**ABOUT THIS EXERCISE:**
State how many lines in the entries below contain "штриховая". Write nothing but the number.

Stored dataset items:
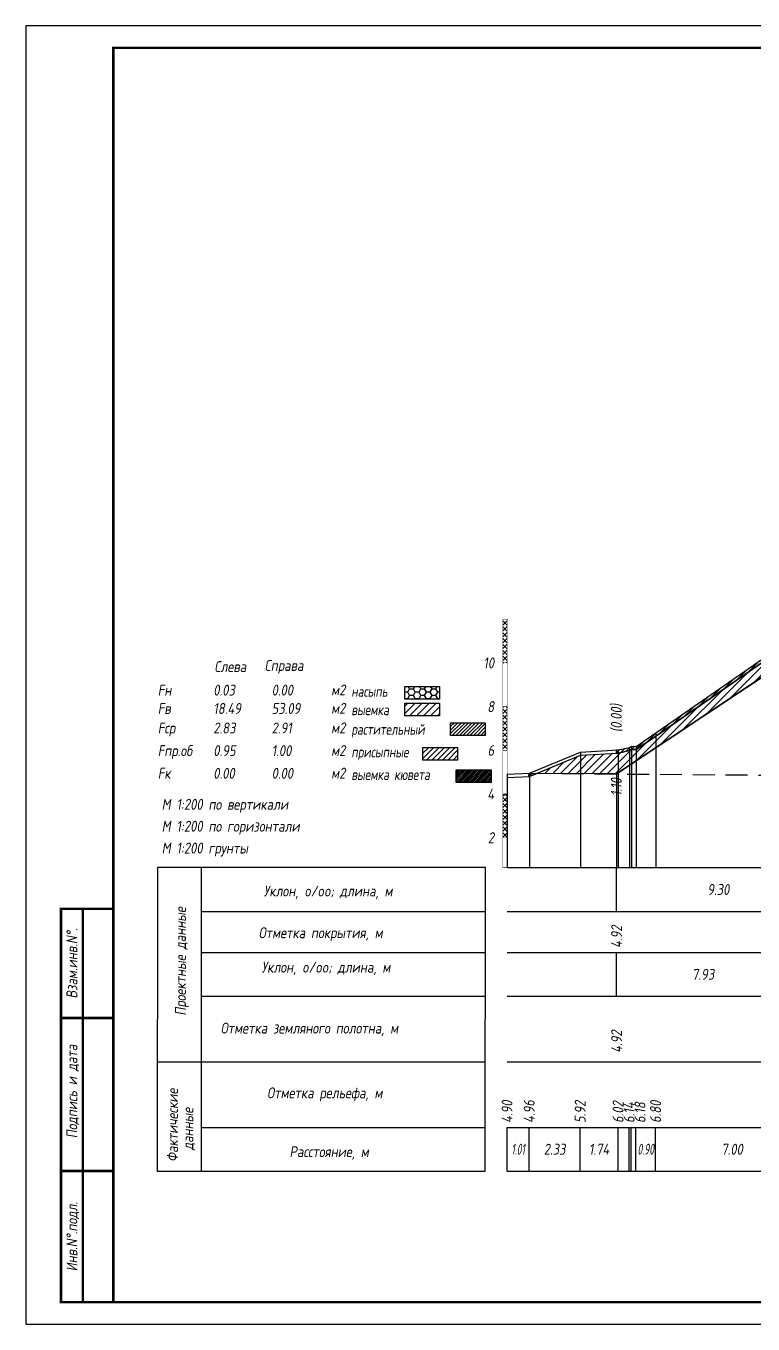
# Model space of a CAD drawing. Extents: x -717 to 1451, y -133302 to 233.
# Drawn here: x -30.1 to 136.2, y -101988.4 to -101691.4 of the extents above; entities that cross this region are included whole.
import ezdxf
from ezdxf.enums import TextEntityAlignment as Align

# ---------------------------------------------------------------- set-up
doc = ezdxf.new("R2010")
doc.units = 0
doc.linetypes.add('штриховая', pattern=[0.75, 0.5, -0.25])
for name, color, linetype in [('Зарамочное оформление', 7, 'Continuous'), ('Интерполированный поперечник', 2, 'Continuous'), ('Код_510', 7, 'Continuous'), ('Код_514', 1, 'Continuous'), ('Код_516', 1, 'Continuous'), ('Контур_0', 7, 'Continuous'), ('Контур_508', 7, 'Continuous'), ('Контур_512', 7, 'Continuous'), ('Контур_513', 7, 'Continuous'), ('Контур_818', 7, 'Continuous'), ('Красный поперечник', 1, 'Continuous'), ('Линейка абсолютных высот', 7, 'Continuous'), ('Объем выемки', 7, 'Continuous'), ('Объем кюветов', 7, 'Continuous'), ('Объем насыпи', 7, 'Continuous'), ('Объем присыпных обочин', 7, 'Continuous'), ('Объем срезки растительного слоя', 7, 'Continuous'), ('Объём_2650', 7, 'Continuous'), ('Объём_2661', 7, 'Continuous'), ('Объём_2666', 7, 'Continuous'), ('Объём_2667', 7, 'Continuous'), ('Объём_2668', 7, 'Continuous'), ('Объём_2669', 7, 'Continuous'), ('Объём_2675', 7, 'Continuous'), ('Рабочие отметки', 7, 'Continuous'), ('Рабочие отметки доп.', 7, 'Continuous'), ('Таблица', 7, 'Continuous'), ('Черный поперечник', 3, 'Continuous')]:
    doc.layers.add(name, color=color, linetype=linetype)
for name, color, linetype, true_color in [('Контур_2570', 7, 'Continuous', 0x80ff00), ('Контур_2736', 4, 'Continuous', 0x00ffff), ('Контур_2737', 4, 'Continuous', 0x00ffff), ('Контур_2738', 4, 'Continuous', 0x00ffff), ('Контур_2739', 4, 'Continuous', 0x00ffff), ('Контур_2741', 4, 'Continuous', 0x00ffff), ('Контур_2742', 4, 'Continuous', 0x00ffff), ('Контур_2743', 4, 'Continuous', 0x00ffff), ('Контур_2744', 7, 'Continuous', 0xa4ffff), ('Контур_2745', 7, 'Continuous', 0xa4ffff), ('Контур_2747', 4, 'Continuous', 0x00ffff), ('Контур_2748', 4, 'Continuous', 0x00ffff), ('Контур_2749', 4, 'Continuous', 0x00ffff), ('Контур_2750', 4, 'Continuous', 0x00ffff), ('Контур_2751', 4, 'Continuous', 0x00ffff), ('Контур_2752', 4, 'Continuous', 0x00ffff), ('Контур_703', 4, 'Continuous', 0x00ffff), ('Контур_705', 4, 'Continuous', 0x00ffff), ('Контур_707', 4, 'Continuous', 0x00ffff), ('Контур_720', 131, 'Continuous', 0xaaffff), ('Объём_2563', 7, 'Continuous', 0xff8000), ('Объём_2570', 7, 'Continuous', 0x80ff00), ('Объём_2600', 7, 'Continuous', 0x808000), ('Объём_2620', 2, 'Continuous', 0xffff00)]:
    doc.layers.add(name, color=color, linetype=linetype, true_color=true_color)
doc.styles.add('М', font='romand.shx', dxfattribs={"width": 0.8, "oblique": 10, "height": 2.5})
pattern_1 = [(45.0000013, (0, 0), (-0.6735192404, 0.673519211), []), (135.0000003, (0, 0), (-0.673519222, -0.67351923), [])]

# ---------------------------------------------------------------- blocks, each defined once
blk = doc.blocks.new('условные обозначения')
at = {"layer": 'Объём_2563'}
h = blk.add_hatch(dxfattribs=at)
h.set_pattern_fill('ANSI31', color=256, scale=0.3)
h.set_pattern_definition([(45, (-34.5, -100.5), (-0.673519, 0.673519), [])])
h.paths.add_polyline_path([(18.26, 7.53), (27.08, 7.53), (27.08, 4.62), (18.26, 4.62)])
at = {"layer": 'Объём_2570'}
h = blk.add_hatch(dxfattribs=at)
h.set_pattern_fill('ANSI31', color=3, scale=0.2)
h.set_pattern_definition([(45, (-32.9034, -100.5), (-0.4490128, 0.4490128), [])])
h.paths.add_polyline_path([(25.29, 13.16), (34.12, 13.16), (34.12, 10.25), (25.29, 10.25)])
at = {"layer": 'Объём_2600'}
h = blk.add_hatch(dxfattribs=at)
h.set_pattern_fill('ANSI31', color=6, scale=0.4)
h.set_pattern_definition([(45, (-34.5, -100.5), (-0.898026, 0.898026), [])])
h.paths.add_polyline_path([(13.63, 17.67), (22.46, 17.67), (22.46, 14.76), (13.63, 14.76)])
at = {"layer": 'Объём_2620'}
h = blk.add_hatch(dxfattribs=at)
h.set_pattern_fill('ANSI31', color=2, scale=0.1)
h.set_pattern_definition([(45, (-33.755, -100.5), (-0.2245064, 0.2245064), [])])
h.paths.add_polyline_path([(26.75, 2.41), (35.57, 2.41), (35.57, -0.5), (26.75, -0.5)])
at = {"layer": 'Объём_2650'}
h = blk.add_hatch(dxfattribs=at)
h.set_pattern_fill('HONEY', color=5, scale=0.3)
h.set_pattern_definition([(0, (-34.5, -100.5), (1.42875, 0.824889), [0.9525, -1.905]), (120, (-34.5, -100.5), (-1.42875, 0.824889), [0.9525, -1.905]), (60, (-34.5, -100.5), (3e-09, 1.6497784), [-1.905, 0.9525])])
h.paths.add_polyline_path([(13.63, 21.49), (22.46, 21.49), (22.46, 18.58), (13.63, 18.58)])
at = {"layer": 'Объём_2563'}
blk.add_lwpolyline([(18.26, 7.53), (27.08, 7.53), (27.08, 4.62), (18.26, 4.62)], close=True, dxfattribs=at)
at = {"layer": 'Объём_2620', "color": 2}
blk.add_lwpolyline([(26.75, 2.41), (35.57, 2.41), (35.57, -0.5), (26.75, -0.5)], close=True, dxfattribs=at)
at = {"layer": 'Объём_2650', "color": 5}
blk.add_lwpolyline([(13.63, 21.49), (22.46, 21.49), (22.46, 18.58), (13.63, 18.58)], close=True, dxfattribs=at)
at = {"layer": 'Объём_2650', "color": 6}
blk.add_lwpolyline([(13.63, 17.67), (22.46, 17.67), (22.46, 14.76), (13.63, 14.76)], close=True, dxfattribs=at)
at = {"layer": 'Объём_2650', "color": 3}
blk.add_lwpolyline([(25.29, 13.16), (34.12, 13.16), (34.12, 10.25), (25.29, 10.25)], close=True, dxfattribs=at)
at = {"layer": 'Объем насыпи', "color": 1, "style": 'М', "oblique": 10, "width": 0.8}
for s, p in [('насыпь', (0.09, 19.09)), ('выемка', (0.09, 14.89)), ('растительный', (0.09, 10.42)), ('присыпные', (0.09, 5.24)), ('выемка кювета', (0.09, 0.06))]:
    blk.add_text(s, height=2.5, dxfattribs=at).set_placement(p)

msp = doc.modelspace()

# ---------------------------------------------------------------- hatches: boundary and pattern name
at = {"layer": 'Линейка абсолютных высот'}
h = msp.add_hatch(dxfattribs=at)
h.set_pattern_fill('ANSI37', scale=0.3, style=0)
h.set_pattern_definition(pattern_1)
h.paths.add_polyline_path([(80, -101837.155), (80, -101827.155), (79, -101827.155), (79, -101837.155)])
h = msp.add_hatch(dxfattribs=at)
h.set_pattern_fill('ANSI37', scale=0.3, style=0)
h.set_pattern_definition(pattern_1)
h.paths.add_polyline_path([(80, -101857.155), (80, -101847.155), (79, -101847.155), (79, -101857.155)])
h = msp.add_hatch(dxfattribs=at)
h.set_pattern_fill('ANSI37', scale=0.3, style=0)
h.set_pattern_definition(pattern_1)
h.paths.add_polyline_path([(80, -101877.155), (80, -101867.155), (79, -101867.155), (79, -101877.155)])
at = {"layer": 'Объём_2570'}
h = msp.add_hatch(dxfattribs=at)
h.set_pattern_fill('ANSI31', color=256, scale=0.2)
h.paths.add_polyline_path([(199.13, -101829.566), (189.581, -101829.828), (154.678, -101830.655), (154.178, -101829.905), (149.986, -101829.591), (148.956, -101829.658), (113.966, -101853.896), (109.447, -101856.994), (108.38, -101856.979), (107.916, -101857.222), (105.393, -101857.794), (105, -101857.817), (105, -101857.067), (105.393, -101857.044), (107.916, -101856.472), (108.38, -101856.229), (109.447, -101856.244), (113.966, -101853.146), (148.956, -101828.908), (149.986, -101828.841), (154.178, -101829.155), (154.678, -101829.905), (189.581, -101829.078), (199.13, -101828.816), (199.272, -101828.817), (199.272, -101829.567)])
at = {"layer": 'Объём_2600'}
h = msp.add_hatch(dxfattribs=at)
h.set_pattern_fill('ANSI31', color=6, scale=0.4)
h.paths.add_polyline_path([(96.717, -101858.295), (105.393, -101857.794), (107.916, -101857.222), (108.38, -101856.979), (109.447, -101856.994), (113.966, -101853.896), (148.956, -101829.658), (149.986, -101829.591), (154.178, -101829.905), (154.678, -101830.655), (189.581, -101829.828), (199.13, -101829.566), (199.272, -101829.567), (199.272, -101834.483), (144.672, -101836.121), (105, -101862.569), (86.722, -101862.433)])
h = msp.add_hatch(dxfattribs=at)
h.set_pattern_fill('HONEY', color=5, scale=0.3)
h.paths.add_polyline_path([(85.061, -101863.12), (84.931, -101863.127), (84.931, -101862.419), (86.722, -101862.433)])

# ---------------------------------------------------------------- linework, layer by layer
at = {"layer": 'Интерполированный поперечник', "linetype": 'штриховая', "ltscale": 10, "flags": 128}
msp.add_lwpolyline([(84.931, -101862.419), (321.325, -101864.187)], dxfattribs=at)
at = {"layer": 'Код_510'}
for p, q in [((79.946, -101953.421), (79.946, -101943.421)), ((85.006, -101953.421), (85.006, -101943.421)), ((96.663, -101953.421), (96.663, -101943.421)), ((105.339, -101953.421), (105.339, -101943.421)), ((107.862, -101953.421), (107.862, -101943.421)), ((108.326, -101953.421), (108.326, -101943.421)), ((109.393, -101953.421), (109.393, -101943.421)), ((113.912, -101953.421), (113.912, -101943.421))]:
    msp.add_line(p, q, dxfattribs=at)
at = {"layer": 'Код_514'}
msp.add_line((105, -101894), (105, -101884), dxfattribs=at)
at = {"layer": 'Код_516'}
msp.add_line((104.946, -101913.421), (104.946, -101903.421), dxfattribs=at)
at = {"layer": 'Контур_0', "flags": 128}
for points in [[(151.522, -101831.554), (105, -101862.569), (105, -101862.569), (105, -101862.569), (105, -101862.569), (105, -101862.569), (105, -101862.569), (105, -101862.569), (105, -101862.569), (105, -101862.569), (105, -101862.569), (105, -101862.569), (105, -101862.569), (105, -101862.569), (105, -101862.569), (105, -101862.569)], [(151.522, -101831.554), (105, -101862.569), (105, -101862.569), (105, -101862.569), (105, -101862.569), (105, -101862.569), (105, -101862.569), (105, -101862.569), (105, -101862.569), (105, -101862.569), (105, -101862.569), (105, -101862.569), (105, -101862.569), (105, -101862.569), (105, -101862.569), (105, -101862.569), (105, -101862.569), (105, -101862.569), (105, -101862.569), (105, -101862.569), (105, -101862.569), (105, -101862.569), (105, -101862.569), (105, -101862.569), (105, -101862.569), (105, -101862.569), (105, -101862.569), (105, -101862.569), (105, -101862.569), (105, -101862.569)]]:
    msp.add_lwpolyline(points, dxfattribs=at)
at = {"layer": 'Контур_2570', "flags": 128}
msp.add_lwpolyline([(80, -101863.386), (85.061, -101863.12), (96.717, -101858.295), (105.393, -101857.794), (107.916, -101857.222), (108.38, -101856.979), (109.447, -101856.994), (113.966, -101853.896), (148.956, -101829.658)], dxfattribs=at)
at = {"layer": 'Контур_2736', "flags": 128}
msp.add_lwpolyline([(151.522, -101831.554), (105, -101862.569)], dxfattribs=at)
at = {"layer": 'Контур_2737', "flags": 128}
msp.add_lwpolyline([(105, -101862.569), (105, -101862.569)], dxfattribs=at)
at = {"layer": 'Контур_2738', "flags": 128}
msp.add_lwpolyline([(105, -101862.569), (105, -101862.569)], dxfattribs=at)
at = {"layer": 'Контур_2739', "flags": 128}
msp.add_lwpolyline([(105, -101862.569), (105, -101862.569)], dxfattribs=at)
at = {"layer": 'Контур_2741', "flags": 128}
msp.add_lwpolyline([(105, -101862.569), (105, -101862.569)], dxfattribs=at)
at = {"layer": 'Контур_2742', "flags": 128}
msp.add_lwpolyline([(105, -101862.569), (105, -101862.569)], dxfattribs=at)
at = {"layer": 'Контур_2743', "flags": 128}
msp.add_lwpolyline([(105, -101862.569), (105, -101862.569)], dxfattribs=at)
at = {"layer": 'Контур_2744', "flags": 128}
msp.add_lwpolyline([(105, -101862.569), (105, -101862.569)], dxfattribs=at)
msp.add_lwpolyline([(105, -101862.569), (105, -101862.569)], dxfattribs=at)
msp.add_lwpolyline([(105, -101862.569), (105, -101862.569)], dxfattribs=at)
msp.add_lwpolyline([(105, -101862.569), (105, -101862.569)], dxfattribs=at)
msp.add_lwpolyline([(105, -101862.569), (105, -101862.569)], dxfattribs=at)
msp.add_lwpolyline([(105, -101862.569), (105, -101862.569)], dxfattribs=at)
at = {"layer": 'Контур_2745', "flags": 128}
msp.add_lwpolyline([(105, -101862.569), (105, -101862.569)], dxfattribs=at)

**EXERCISE OUTPUT:**
2